Exactly. Not my issue. Roadside is cheap. Only 8$ added to a 6 month premium .


----------



## Pinapple Man (Aug 8, 2017)

JayAre said:


> How many of you pick up riders on the freeway when their car breaks down? Would you help a rider on the freeway go pick up a tire from their house and help them put it on their car on the freeway? I declined those requests and cancelled them. I called lyft support to say why I declined those rides becauss it is a safety issue and so it won't affect my driver account.
> 
> Do you proceed to help as a good sumaritan and possibly get a big tip?
> 
> I don't think it's worth the trouble to pick up someone on the side of the freeway. That is why we have emergency Roadside assistance services and towtrucks, they have all the safety gear and we don't. We are paid too low for the risk of putting your life in danger. Don't do it! It is not worth the cost of an uber/lyft fare.
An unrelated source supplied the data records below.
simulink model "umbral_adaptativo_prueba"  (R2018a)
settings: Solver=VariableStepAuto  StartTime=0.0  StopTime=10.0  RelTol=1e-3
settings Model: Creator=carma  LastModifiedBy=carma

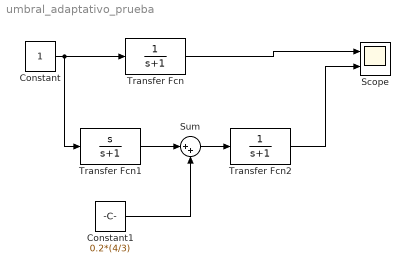
== system umbral_adaptativo_prueba ==
  Constant : Constant
  Constant1 : Constant  Value=0.2*(4/3)
  Scope : Scope  NumInputPorts=2
  Sum : Sum  Inputs=|++
  Transfer Fcn : TransferFcn  Denominator=[1 1]
  Transfer Fcn1 : TransferFcn  Numerator=[1 0]  Denominator=[1 1]
  Transfer Fcn2 : TransferFcn  Denominator=[1 1]
  wires:
  Constant/1 -> Transfer Fcn1/1, Transfer Fcn/1
  Transfer Fcn/1 -> Scope/1
  Constant1/1 -> Sum/2
  Transfer Fcn1/1 -> Sum/1
  Sum/1 -> Transfer Fcn2/1
  Transfer Fcn2/1 -> Scope/2
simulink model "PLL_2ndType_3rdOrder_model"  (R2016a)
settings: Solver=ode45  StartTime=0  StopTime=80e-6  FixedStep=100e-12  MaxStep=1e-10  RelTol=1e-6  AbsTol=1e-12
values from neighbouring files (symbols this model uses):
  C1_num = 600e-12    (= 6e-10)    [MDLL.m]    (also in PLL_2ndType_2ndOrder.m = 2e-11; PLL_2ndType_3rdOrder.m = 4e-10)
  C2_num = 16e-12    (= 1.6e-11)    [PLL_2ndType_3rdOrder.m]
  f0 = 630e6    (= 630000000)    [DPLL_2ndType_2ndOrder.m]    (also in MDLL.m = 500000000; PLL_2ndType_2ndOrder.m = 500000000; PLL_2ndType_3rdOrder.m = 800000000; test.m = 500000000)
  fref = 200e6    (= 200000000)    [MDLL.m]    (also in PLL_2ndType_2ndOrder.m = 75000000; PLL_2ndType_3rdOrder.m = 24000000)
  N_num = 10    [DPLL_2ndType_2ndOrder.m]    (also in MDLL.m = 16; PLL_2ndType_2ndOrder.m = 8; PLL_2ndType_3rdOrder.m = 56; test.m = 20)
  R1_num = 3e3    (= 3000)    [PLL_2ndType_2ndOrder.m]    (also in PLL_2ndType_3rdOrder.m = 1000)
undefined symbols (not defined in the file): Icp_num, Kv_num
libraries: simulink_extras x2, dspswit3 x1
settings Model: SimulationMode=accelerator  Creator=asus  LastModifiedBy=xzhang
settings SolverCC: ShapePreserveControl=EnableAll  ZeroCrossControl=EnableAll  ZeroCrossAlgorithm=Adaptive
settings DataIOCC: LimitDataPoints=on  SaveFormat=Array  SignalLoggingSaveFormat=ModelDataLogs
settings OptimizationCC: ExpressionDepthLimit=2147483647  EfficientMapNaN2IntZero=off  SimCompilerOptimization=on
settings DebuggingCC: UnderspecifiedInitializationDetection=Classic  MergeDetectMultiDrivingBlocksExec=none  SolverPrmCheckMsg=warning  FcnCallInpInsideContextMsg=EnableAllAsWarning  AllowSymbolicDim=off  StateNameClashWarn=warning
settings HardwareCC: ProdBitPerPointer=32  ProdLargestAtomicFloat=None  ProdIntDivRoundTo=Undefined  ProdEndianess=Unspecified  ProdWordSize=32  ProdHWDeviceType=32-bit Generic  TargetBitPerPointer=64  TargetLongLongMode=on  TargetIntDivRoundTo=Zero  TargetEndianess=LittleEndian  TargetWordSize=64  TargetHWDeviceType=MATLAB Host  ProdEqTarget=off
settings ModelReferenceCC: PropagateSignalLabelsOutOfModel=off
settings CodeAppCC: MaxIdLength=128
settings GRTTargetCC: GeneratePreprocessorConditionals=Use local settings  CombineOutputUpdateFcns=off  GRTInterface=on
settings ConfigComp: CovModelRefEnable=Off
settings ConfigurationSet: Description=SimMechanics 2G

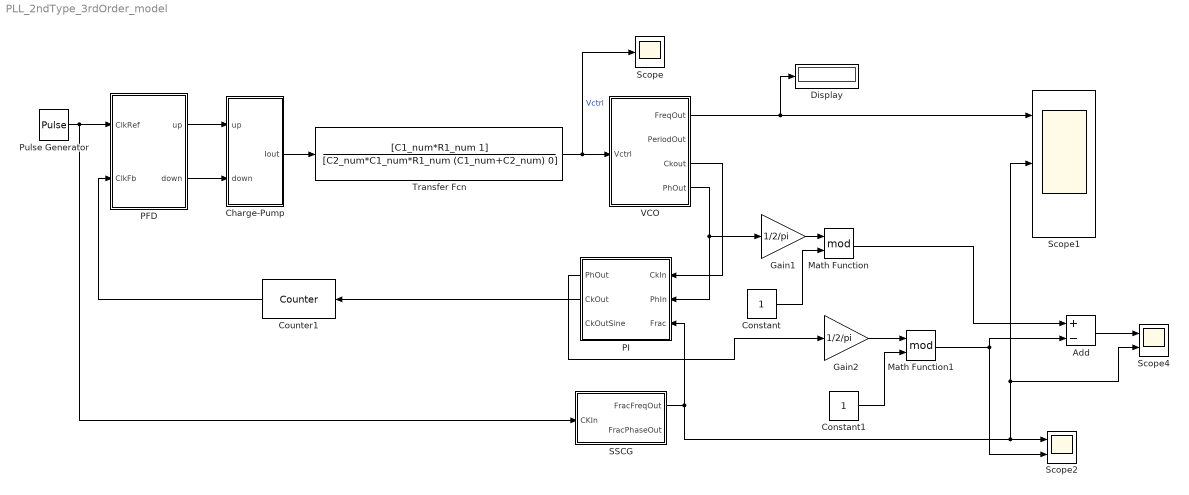
== system PLL_2ndType_3rdOrder_model ==
  Add : Sum  Inputs=+-
  Charge-Pump : Subsystem  mask{Icp=Icp_num}
      mask prompts: Icp "charge-pump current(A)"
  Constant : Constant
  Constant1 : Constant
  Counter1 : dspswit3/Counter  Direction=Up  CountEvent=Rising edge  CounterSize=User defined  MaxCount=N_num-1  InitialCount=0  Output=Hit  HitValue=N_num-1  ResetInput=off  SamplesPerFrame=1  Ts=1  CntDtype=double  HitDtype=Logical
  Display : Display
      settings: Format=short_e  Decimation=N_num
  Gain1 : Gain  Gain=1/2/pi
  Gain2 : Gain  Gain=1/2/pi
  Math Function : Math  Operator=mod  SaturateOnIntegerOverflow=on
  Math Function1 : Math  Operator=mod  SaturateOnIntegerOverflow=on
  PFD : Subsystem
  PI : Subsystem  mask{N=1}
      mask prompts: N "DivInt"
  Pulse Generator : DiscretePulseGenerator  PulseType=Time based  Period=1/fref  PulseWidth=50
  SSCG : Subsystem  mask{fsscg=30e3, Asscg=-5000, m=0, Ndiv=1, fref=fref}
      mask prompts: fsscg "SSCG Freq.(Hz)"; Asscg "SSCG AMP.(ppm)"; m "Frac Div"; Ndiv "Integer Div"; fref "RefClk Freq.(Hz)"
  Scope : Scope
  Scope1 : Scope  NumInputPorts=3
  Scope2 : Scope  NumInputPorts=2
  Scope4 : Scope  NumInputPorts=2
  Transfer Fcn : TransferFcn  Numerator=[C1_num*R1_num 1]  Denominator=[C2_num*C1_num*R1_num (C1_num+C2_num) 0]
  VCO : Subsystem  mask{f0=f0, Kvco=Kv_num}
      mask prompts: f0 "Free Running Freq.(Hz)"; Kvco "VCO Gain(Hz/V)"
  wires:
  Pulse Generator/1 -> SSCG/1(CKIn), PFD/1(ClkRef)
  PFD/1(up) -> Charge-Pump/1(up)
  PFD/2(down) -> Charge-Pump/2(down)
  Charge-Pump/1(Iout) -> Transfer Fcn/1
  Transfer Fcn/1 -> VCO/1(Vctrl), Scope/1  "Vctrl"
  VCO/1(FreqOut) -> Scope1/1, Display/1
  Counter1/1 -> PFD/2(ClkFb)
  VCO/3(Ckout) -> PI/1(CkIn)
  VCO/4(PhOut) -> PI/2(PhIn), Gain1/1
  PI/2(CkOut) -> Counter1/1
  Constant/1 -> Math Function/2
  Math Function/1 -> Add/1
  Gain1/1 -> Math Function/1
  Constant1/1 -> Math Function1/2
  Gain2/1 -> Math Function1/1
  Math Function1/1 -> Add/2, Scope2/2
  SSCG/1(FracFreqOut) -> Scope4/2, Scope1/2, Scope2/1, PI/3(Frac)
  PI/1(PhOut) -> Gain2/1
  Add/1 -> Scope4/1

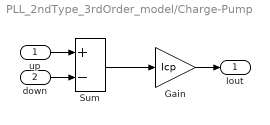
== system PLL_2ndType_3rdOrder_model/Charge-Pump ==
  up : Inport
  down : Inport  Port=2
  Gain : Gain  Gain=Icp
  Sum : Sum  Inputs=+-
  Iout : Outport
  wires:
  Sum/1 -> Gain/1
  up/1 -> Sum/1
  Gain/1 -> Iout/1
  down/1 -> Sum/2

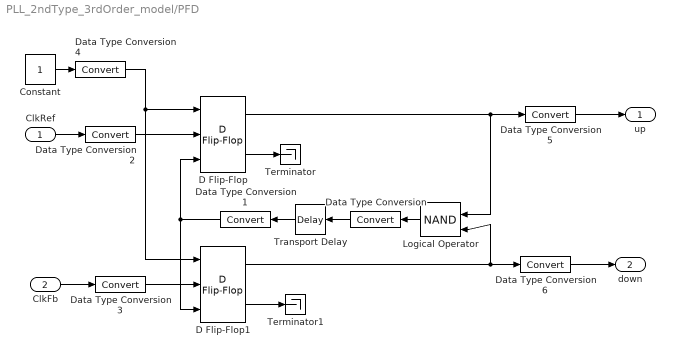
== system PLL_2ndType_3rdOrder_model/PFD ==
  ClkRef : Inport
  ClkFb : Inport  Port=2
  Constant : Constant
  D Flip-Flop : simulink_extras/Flip Flops/D Flip-Flop
  D Flip-Flop1 : simulink_extras/Flip Flops/D Flip-Flop
  Data Type Conversion{,1..6} (7 alike) : DataTypeConversion
  Logical Operator : Logic  Operator=NAND  IconShape=distinctive  AllPortsSameDT=off  OutDataTypeStr=boolean
  Terminator : Terminator
  Terminator1 : Terminator
  Transport Delay : TransportDelay  DelayTime=200e-12  BufferSize=2048
  up : Outport
  down : Outport  Port=2
  wires:
  D Flip-Flop/1 -> Logical Operator/1, Data Type Conversion5/1
  D Flip-Flop1/1 -> Logical Operator/2, Data Type Conversion6/1
  Constant/1 -> Data Type Conversion4/1
  ClkRef/1 -> Data Type Conversion2/1
  ClkFb/1 -> Data Type Conversion3/1
  Data Type Conversion/1 -> Transport Delay/1
  Transport Delay/1 -> Data Type Conversion1/1
  Logical Operator/1 -> Data Type Conversion/1
  Data Type Conversion1/1 -> D Flip-Flop1/3, D Flip-Flop/3
  D Flip-Flop/2 -> Terminator/1
  D Flip-Flop1/2 -> Terminator1/1
  Data Type Conversion2/1 -> D Flip-Flop/2
  Data Type Conversion3/1 -> D Flip-Flop1/2
  Data Type Conversion4/1 -> D Flip-Flop/1, D Flip-Flop1/1
  Data Type Conversion5/1 -> up/1
  Data Type Conversion6/1 -> down/1

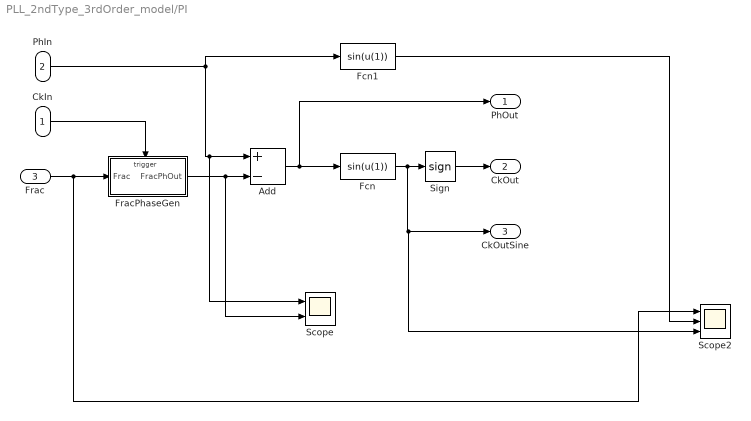
== system PLL_2ndType_3rdOrder_model/PI ==
  CkIn : Inport
  PhIn : Inport  Port=2
  Frac : Inport  Port=3
  Add : Sum  Inputs=+-
  Fcn : Fcn  Expr=sin(u(1))
  Fcn1 : Fcn  Expr=sin(u(1))
  FracPhaseGen : Subsystem  mask{N=N}
      mask prompts: N "DivInt"
  Scope : Scope  NumInputPorts=2
  Scope2 : Scope  NumInputPorts=3
  Sign : Signum
  PhOut : Outport
  CkOut : Outport  Port=2
  CkOutSine : Outport  Port=3
  wires:
  Fcn/1 -> Scope2/3, CkOutSine/1, Sign/1
  Add/1 -> PhOut/1, Fcn/1
  PhIn/1 -> Fcn1/1, Scope/1, Add/1
  CkIn/1 -> FracPhaseGen/Trigger
  Sign/1 -> CkOut/1
  FracPhaseGen/1(FracPhOut) -> Scope/2, Add/2
  Frac/1 -> Scope2/1, FracPhaseGen/1(Frac)
  Fcn1/1 -> Scope2/2

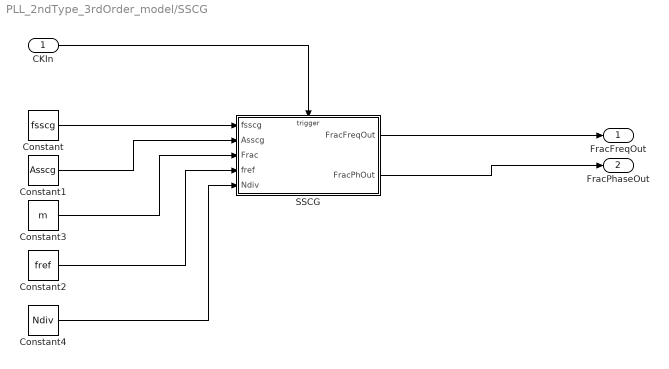
== system PLL_2ndType_3rdOrder_model/SSCG ==
  CKIn : Inport
  Constant : Constant  Value=fsscg
  Constant1 : Constant  Value=Asscg
  Constant2 : Constant  Value=fref
  Constant3 : Constant  Value=m
  Constant4 : Constant  Value=Ndiv
  SSCG : Subsystem
  FracFreqOut : Outport
  FracPhaseOut : Outport  Port=2
  wires:
  Constant/1 -> SSCG/1(fsscg)
  Constant1/1 -> SSCG/2(Asscg)
  Constant3/1 -> SSCG/3(Frac)
  CKIn/1 -> SSCG/Trigger
  Constant2/1 -> SSCG/4(fref)
  SSCG/1(FracFreqOut) -> FracFreqOut/1
  SSCG/2(FracPhOut) -> FracPhaseOut/1
  Constant4/1 -> SSCG/5(Ndiv)

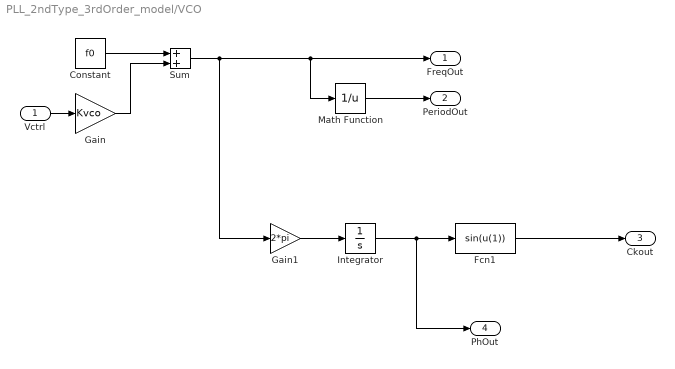
== system PLL_2ndType_3rdOrder_model/VCO ==
  Vctrl : Inport
  Constant : Constant  Value=f0
  Fcn1 : Fcn  Expr=sin(u(1))
  Gain : Gain  Gain=Kvco
  Gain1 : Gain  Gain=2*pi
  Integrator : Integrator
  Math Function : Math  Operator=reciprocal  SaturateOnIntegerOverflow=on
  Sum : Sum
  FreqOut : Outport
  PeriodOut : Outport  Port=2
  Ckout : Outport  Port=3
  PhOut : Outport  Port=4
  wires:
  Constant/1 -> Sum/1
  Gain/1 -> Sum/2
  Sum/1 -> Gain1/1, FreqOut/1, Math Function/1
  Vctrl/1 -> Gain/1
  Fcn1/1 -> Ckout/1
  Integrator/1 -> PhOut/1, Fcn1/1
  Gain1/1 -> Integrator/1
  Math Function/1 -> PeriodOut/1

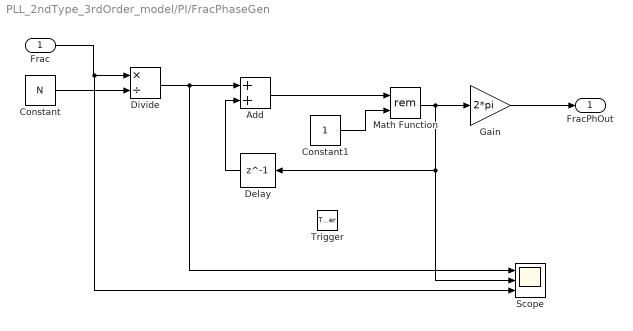
== system PLL_2ndType_3rdOrder_model/PI/FracPhaseGen ==
  Frac : Inport
  Trigger : TriggerPort  VariantControl=Variant  PortDimensions=1
  Add : Sum
  Constant : Constant  Value=N
  Constant1 : Constant
  Delay : Delay  DelayLength=1
  Divide : Product  Inputs=*/
  Gain : Gain  Gain=2*pi
  Math Function : Math  Operator=rem  SaturateOnIntegerOverflow=on
  Scope : Scope  NumInputPorts=3
  FracPhOut : Outport
  wires:
  Math Function/1 -> Scope/2, Delay/1, Gain/1
  Constant1/1 -> Math Function/2
  Add/1 -> Math Function/1
  Delay/1 -> Add/2
  Gain/1 -> FracPhOut/1
  Frac/1 -> Scope/3, Divide/1
  Constant/1 -> Divide/2
  Divide/1 -> Scope/1, Add/1

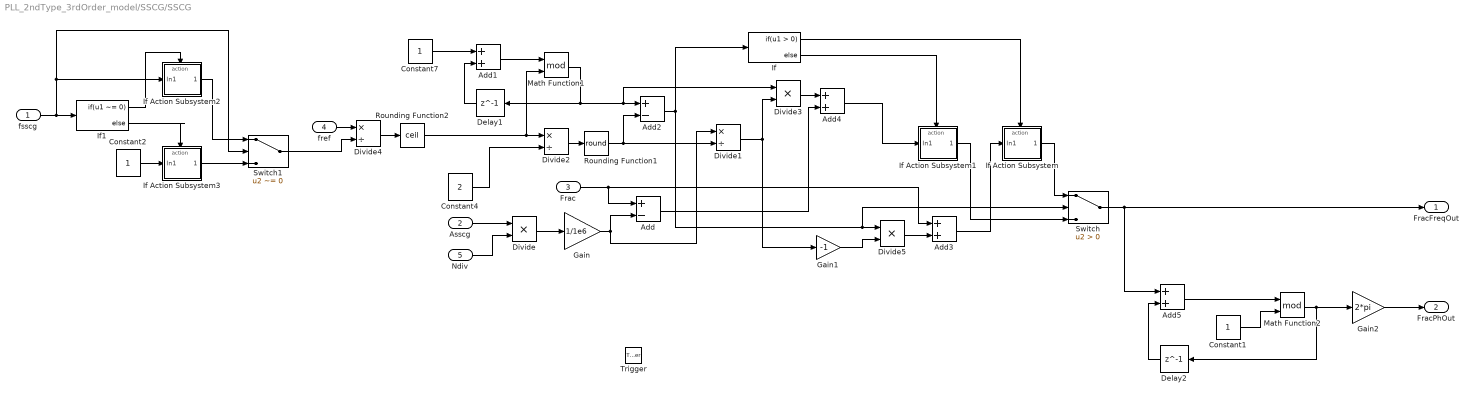
== system PLL_2ndType_3rdOrder_model/SSCG/SSCG ==
  fsscg : Inport
  Asscg : Inport  Port=2
  Frac : Inport  Port=3
  fref : Inport  Port=4
  Ndiv : Inport  Port=5
  Trigger : TriggerPort  VariantControl=Variant  PortDimensions=1
  Add : Sum  Inputs=+-
  Add1 : Sum
  Add2 : Sum  Inputs=+-
  Add3 : Sum  Inputs=2
  Add4 : Sum  Inputs=2
  Add5 : Sum
  Constant1 : Constant
  Constant2 : Constant
  Constant4 : Constant  Value=2
  Constant7 : Constant
  Delay1 : Delay  DelayLength=1
  Delay2 : Delay  DelayLength=1
  Divide : Product  Inputs=**
  Divide1 : Product  Inputs=*/
  Divide2 : Product  Inputs=*/
  Divide3 : Product
  Divide4 : Product  Inputs=*/
  Divide5 : Product
  Gain : Gain  Gain=1/1e6
  Gain1 : Gain  Gain=-1
  Gain2 : Gain  Gain=2*pi
  If : If
  If Action Subsystem : Subsystem  TreatAsAtomicUnit=on
  If Action Subsystem1 : Subsystem  TreatAsAtomicUnit=on
  If Action Subsystem2 : Subsystem  TreatAsAtomicUnit=on
  If Action Subsystem3 : Subsystem  TreatAsAtomicUnit=on
  If1 : If  IfExpression=u1 ~= 0
  Math Function1 : Math  Operator=mod  SaturateOnIntegerOverflow=on
  Math Function2 : Math  Operator=mod  SaturateOnIntegerOverflow=on
  Rounding Function1 : Rounding  Operator=round
  Rounding Function2 : Rounding  Operator=ceil
  Switch : Switch  Criteria=u2 > Threshold
  Switch1 : Switch  Criteria=u2 ~= 0
  FracFreqOut : Outport
  FracPhOut : Outport  Port=2
  wires:
  Rounding Function1/1 -> Divide1/2, Add2/2
  If Action Subsystem/1(Out1) -> Switch/1
  Math Function1/1 -> Divide3/1, Add2/1, Delay1/1
  Add1/1 -> Math Function1/1
  If/2 -> If Action Subsystem1/Action
  Constant4/1 -> Divide2/2
  Divide1/1 -> Gain1/1, Divide3/2
  If/1 -> If Action Subsystem/Action
  If Action Subsystem1/1(Out1) -> Switch/3
  Add3/1 -> If Action Subsystem/1(In1)
  Divide2/1 -> Rounding Function1/1
  Divide5/1 -> Add3/2
  Constant7/1 -> Add1/1
  Delay1/1 -> Add1/2
  Add2/1 -> Divide5/1, Switch/2, If/1
  fref/1 -> Divide4/1
  fsscg/1 -> If Action Subsystem2/1(In1), Switch1/2, If1/1
  Frac/1 -> Add3/1, Add/1
  Divide3/1 -> Add4/1
  Add4/1 -> If Action Subsystem1/1(In1)
  Gain1/1 -> Divide5/2
  Add/1 -> Add4/2
  Gain/1 -> Add/2, Divide1/1
  Math Function2/1 -> Gain2/1, Delay2/1
  Constant1/1 -> Math Function2/2
  Add5/1 -> Math Function2/1
  Delay2/1 -> Add5/2
  Switch/1 -> Add5/1, FracFreqOut/1
  Gain2/1 -> FracPhOut/1
  Divide4/1 -> Rounding Function2/1
  Constant2/1 -> If Action Subsystem3/1(In1)
  If Action Subsystem2/1(Out1) -> Switch1/1
  Switch1/1 -> Divide4/2
  If1/1 -> If Action Subsystem2/Action
  If1/2 -> If Action Subsystem3/Action
  If Action Subsystem3/1(Out1) -> Switch1/3
  Rounding Function2/1 -> Math Function1/2, Divide2/1
  Asscg/1 -> Divide/1
  Ndiv/1 -> Divide/2
  Divide/1 -> Gain/1

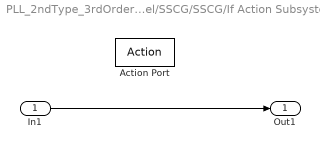
== system PLL_2ndType_3rdOrder_model/SSCG/SSCG/If Action Subsystem ==
  In1 : Inport
  Action Port : ActionPort  ActionType=then
  Out1 : Outport
  wires:
  In1/1 -> Out1/1

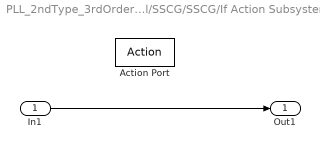
== system PLL_2ndType_3rdOrder_model/SSCG/SSCG/If Action Subsystem1 ==
  In1 : Inport
  Action Port : ActionPort  ActionType=else
  Out1 : Outport
  wires:
  In1/1 -> Out1/1

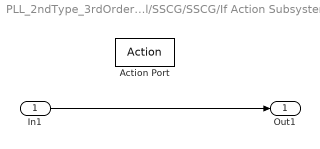
== system PLL_2ndType_3rdOrder_model/SSCG/SSCG/If Action Subsystem2 ==
  In1 : Inport
  Action Port : ActionPort  ActionType=then
  Out1 : Outport
  wires:
  In1/1 -> Out1/1

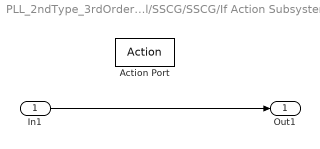
== system PLL_2ndType_3rdOrder_model/SSCG/SSCG/If Action Subsystem3 ==
  In1 : Inport
  Action Port : ActionPort  ActionType=else
  Out1 : Outport
  wires:
  In1/1 -> Out1/1

Have picked up customers still on a trip and need to get somewhere. Broke down, sorry to be you. Freeway service patrol will get you off the road.


----------



## Notch Johnson (Dec 17, 2016)

Got a ping once from the 10 freeway where they broke down. At first I thought it was a misplaced pin for a nearby casino. When I saw where they were I canceled. I am not going to risk my life for $3.


----------



## KurlyKen (Aug 6, 2017)

I have gotten two requests from the expressway. I cancelled both. Too risky


----------



## TCANN (Jun 29, 2017)

Got a ride request in an apartment complex. Tap "Arrived"
Ride was because pas car wouldn't start; I have jumper cables in trunk.
Jumped Pas car. 
Canceled ride. Got cancellation fee.
Plus pas gave me $10 cash.
Helluva deal.

As for expressway pickups, haven't had that, but I would go there first, assess the safety aspect and then make decision.
Remember, GPS Location Errors, might show pas on expressway erroneously. You could lose an easy ride, by not making phone call.


----------